For drafts and summaries - fine. But for business decisions, the real danger isn't that the AI fails. It's that it confidently gives you a plausible-sounding answer based on nothing real. That's worse than no answer.
My line: if I can't trace the answer back to a real source, I don't act on it.
minimalist phone: creating folders
@zigapotoc Ideally to have at least 2 independent resources for the info ;) Good journalist rule.
the real problem nobody here is talking about is approval fatigue. you set up all these guardrails and least privilege rules, agent asks for permission 30 times a day, and within a week youre just hitting approve on everything without reading it. saw someone above mention this exact thing.
ive been running a coding agent basically 24/7 for months and the stuff that actually keeps it safe isnt permissions or sandboxes. its making destructive actions harder than constructive ones. like using trash instead of rm, writing drafts instead of sending emails directly, committing to branches instead of main. the friction is the guardrail, not some approval popup you stop reading after day 2.
the people saying "never give agents access to X" are thinking about it wrong imo. its not about what you give access to, its about whether the bad outcome is reversible. read access to your bank account? who cares. write access to send a wire? yeah thats different. but most people draw the line at "personal = off limits" which doesnt actually map to risk at all.

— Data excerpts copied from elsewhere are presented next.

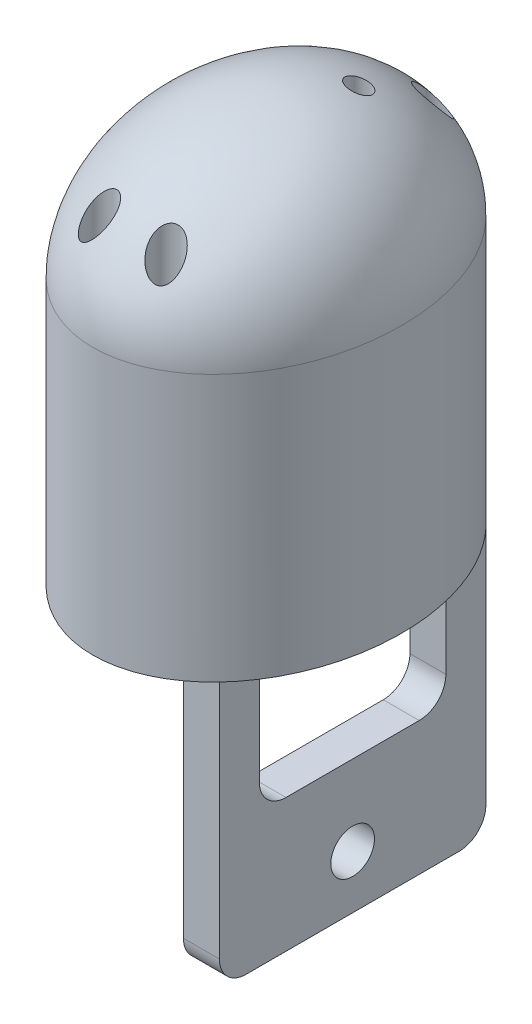
SolidWorks part; units mm, degrees
ref_plane "Front Plane" through (0, 0, 0) normal (0, 0, 1) x (1, 0, 0)
ref_plane "Top Plane" through (0, 0, 0) normal (0, 1, 0) x (1, 0, 0)
ref_plane "Right Plane" through (0, 0, 0) normal (1, 0, 0) x (0, 0, -1)
sketch "Sketch1" plane through (0, 0, 0) normal (0, 1, 0) x (1, 0, 0)
  line L0 (0, 0) -> (6.5, 0) construction
  line L1 (6.5, 0) -> (3.8, 0)
  line L2 (6.5, 0) -> (6.5, 20)
  line L3 (6.5, 20) -> (3.8, 20)
  line L4 (3.8, 0) -> (3.8, 20)
  line L5 (6.5, 0) -> (3.8, 20) construction
  line L6 (6.5, 20) -> (3.8, 0) construction
  point P0 (5.15, 10)
  dimension "D1" = 6.5
  dimension "D2" = 2.7
  dimension "D3" = 20
extrude "Boss-Extrude1" add sketch "Sketch1" along normal blind 20
sketch "Sketch4" plane through (0, 20, 0) normal (0, 1, 0) x (1, 0, 0)
  line L0 (0, -3) -> (0, 23) construction
  ellipse E0 centre (0, 10) end of major axis (0, 23) minor radius 10.1726
  dimension "D1" = 26
extrude "Boss-Extrude2" add sketch "Sketch4" along normal blind 20
sketch "Sketch5" plane through (0, 40, 0) normal (0, 1, 0) x (1, 0, 0)
  line L0 (0, 23) -> (0, -3)
  ellipse E0 centre (0, 10) end of major axis (0, -3) minor radius 10.1726 (0, 23) -> (0, -3) cw
  ellipse E1 centre (0, 10) end of major axis (0, 23) minor radius 10.1726 construction
revolve "Revolve1" add sketch "Sketch5" angle 180 about L0
sketch "Sketch6" plane through (3.8, 0, 0) normal (-1, 0, 0) x (0, 0, 1)
  line L0 (-10, 0) -> (-10, 20) construction
  line L1 (-20, 0) -> (0, 0) construction
  line L2 (-23, 20) -> (3, 20) construction
  line L3 (-20, 20) -> (-20, 0) construction
  line L4 (-3, 10) -> (-17, 10)
  line L5 (-3, 10) -> (-3, 20)
  line L6 (-3, 20) -> (-17, 20)
  line L7 (-17, 10) -> (-17, 20)
  line L8 (-3, 10) -> (-17, 20) construction
  line L9 (-3, 20) -> (-17, 10) construction
  circle A0 centre (-10, 4) radius 1.64
  point P8 (-10, 15)
  dimension "D1" = 3.28
  dimension "D2" = 4
  dimension "D3" = 10
  dimension "D4" = 3
extrude "Cut-Extrude1" cut sketch "Sketch6" against normal up to next
fillet "Fillet1" radius 2 4 edges at (5.15, 0, 0) (5.15, 0, -20) (5.15, 10, -17) (5.15, 10, -3)
sketch "Sketch10" plane through (0, 20, 0) normal (0, -1, 0) x (1, 0, 0)
  line L0 (0, 0) -> (0, -20)
  line L1 (0, 3) -> (0, -23) construction
  ellipse E0 centre (0, -10) end of major axis (0, -23) minor radius 10.1726 (6.5, 0) -> (6.5, -20) ccw construction
  ellipse E2 centre (0, -10) end of major axis (0, -20) minor radius 5.3211 (0, -20) -> (0, 0) ccw
  dimension "D1" = 3
  dimension "D2" = 3
revolve "Cut-Revolve5" cut sketch "Sketch10" angle 180 about L0
sketch "Sketch11" plane through (0, 20, 0) normal (0, -1, 0) x (-1, 0, 0)
  line L0 (-3.8, 3) -> (-3.8, 0) construction
  line L1 (-6.5, 17) -> (-3.8, 17) construction
  line L2 (-3.8, 18) -> (-3.8, 2) construction
  line L3 (0, 23) -> (0, -3) construction
  line L4 (-10.1726, 10) -> (10.1726, 10) construction
  circle A0 centre (-2.13, 14.83) radius 0.86
  circle A1 centre (-2.5, 20) radius 1.125
  circle A2 centre (2.5, 20) radius 1.125
  circle A5 centre (-2.5, 0) radius 1.125
  circle A6 centre (2.5, 0) radius 1.125
  ellipse E0 centre (0, 10) end of major axis (0, 23) minor radius 10.1726 (-6.5, 20) -> (-6.5, 0) ccw construction
  ellipse E2 centre (0, 10) end of major axis (0, 20) minor radius 5.3211 (-3.8, 3) -> (-3.8, 17) ccw construction
  ellipse E3 centre (0, 10) end of major axis (0, 23) minor radius 10.1726 (-6.5, 0) -> (-6.5, 20) ccw construction
  point P4 (-3.8, 1.5)
  dimension "D1" = 1.72
  dimension "D4" = 2.25
  dimension "D2" = 1.67
  dimension "D3" = 2.17
  dimension "D5" = 1.3
  dimension "D6" = 10
extrude "Cut-Extrude5" cut sketch "Sketch11" against normal offset from surface (29.9871 mm away) 1
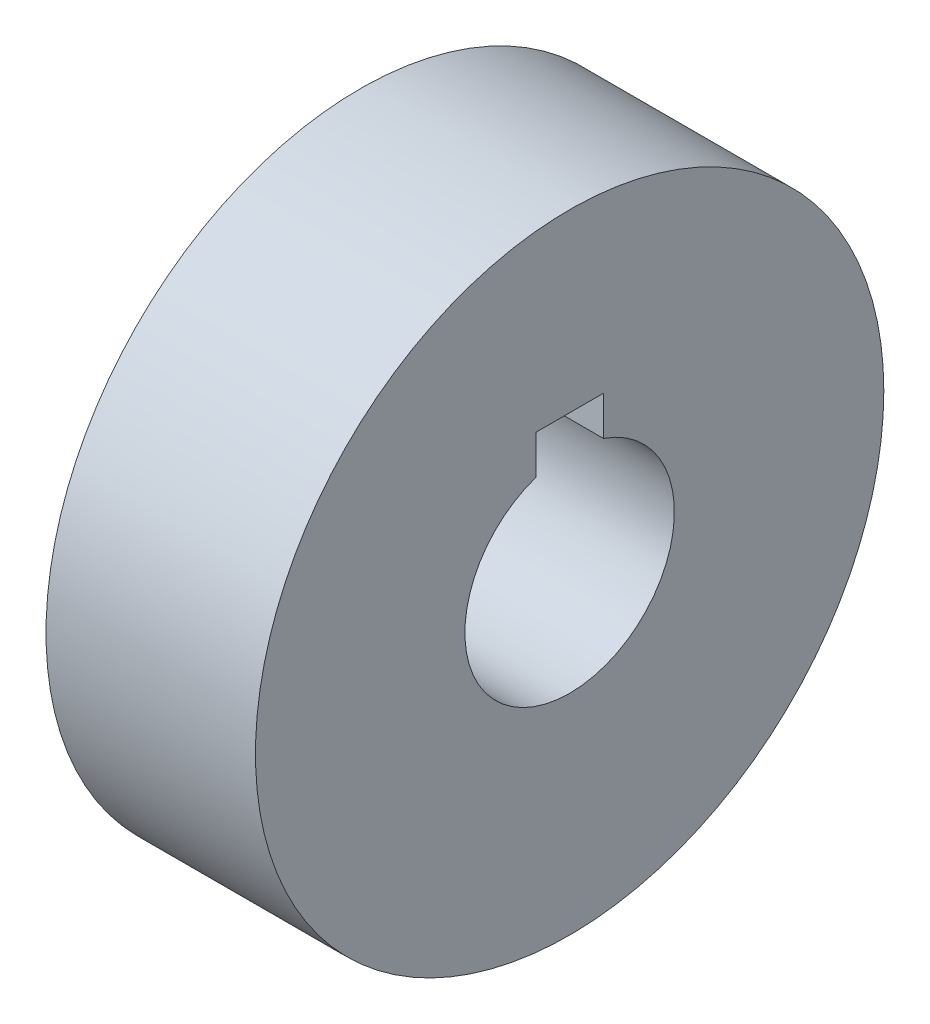
SolidWorks part; units mm, degrees
ref_plane "Front Plane" through (0, 0, 0) normal (0, 0, 1) x (1, 0, 0)
ref_plane "Top Plane" through (0, 0, 0) normal (0, 1, 0) x (1, 0, 0)
ref_plane "Right Plane" through (0, 0, 0) normal (1, 0, 0) x (0, 0, -1)
sketch "Sketch1" plane through (0, 0, 0) normal (1, 0, 0) x (0, 0, -1)
  line L0 (0, 55) -> (0, -55) construction
  line L1 (1.6151, 2.3316) -> (-1.6151, 2.3316)
  line L2 (1.6151, 2.3316) -> (1.6151, 6.6)
  line L3 (1.6151, 6.6) -> (-1.6151, 6.6)
  line L4 (-1.6151, 2.3316) -> (-1.6151, 6.6)
  line L5 (1.6151, 2.3316) -> (-1.6151, 6.6) construction
  line L6 (1.6151, 6.6) -> (-1.6151, 2.3316) construction
  line L7 (-15.6914, 5) -> (17.3965, 5) construction
  circle A0 centre (0, 0) radius 15
  circle A1 centre (0, 0) radius 5
  point P4 (0, 4.4658)
  dimension "D1" = 30
  dimension "D2" = 10
  dimension "D3" = 1.6
extrude "Boss-Extrude1" add sketch "Sketch1" along normal blind 10 contours A0 A1 L4 L3 L2

minimalist phone: creating folders
@umairnadeem but with this... not many things are reversible. When something once happens, it happens and cannot be returned; only you can "lighten" the consequences (and you have to have in mind possible damages and risks).
Depends on the task. I trust completely when it comes to classifying my inbox.
minimalist phone: creating folders
@salah_oukrim My inbox is something I wouldn't like to give access to anybody and anything :D too sensitive :D
the real problem nobody here is talking about is approval fatigue. you set up all these guardrails and confirmation prompts and for the first week you actually read them. then by week two youre just hitting approve on everything because the agent asks permission 40 times a day and you stop caring.
i run coding agents pretty much nonstop and ive caught myself approving stuff i didnt even read twice. not because i trust the agent but because the friction of constantly reviewing breaks your flow. so you end up in this weird middle ground where you technically have human oversight but practically dont.
honestly the answer isnt more guardrails or less trust. its better scoping. give the agent a tiny sandbox where it literally cant do damage even if it goes rogue, and let it go wild in there. trying to micromanage every action just means you eventually stop managing any of them.
Murror
Building Murror has made me think about this from both sides. I am building an AI that people trust with something really personal, their loneliness and emotional state. So the question of trust is not abstract for me.
My take is that trust with AI agents is earned the same way it is with people: through consistency and transparency about what they are actually doing. The fear is not the autonomy itself, it is not knowing what happened.
For Murror I think about it this way: the AI should be a safe space, not a black box. Users need to feel like they understand what it does with what they share. That is the design challenge I care about most right now.
minimalist phone: creating folders
@astrovinh for any agent, I would like to have a middle step: approval process – dunno, I am a kind of paranoid :D
I think AI is great for automation and assistance, but there are clear boundaries. I wouldn’t give it full access to personal finances, biometric data, or private conversations. Those are areas where a mistake, breach, or misuse could have serious consequences.
For me, AI works best as a tool that suggests and helps, not something that has complete control over sensitive parts of my life.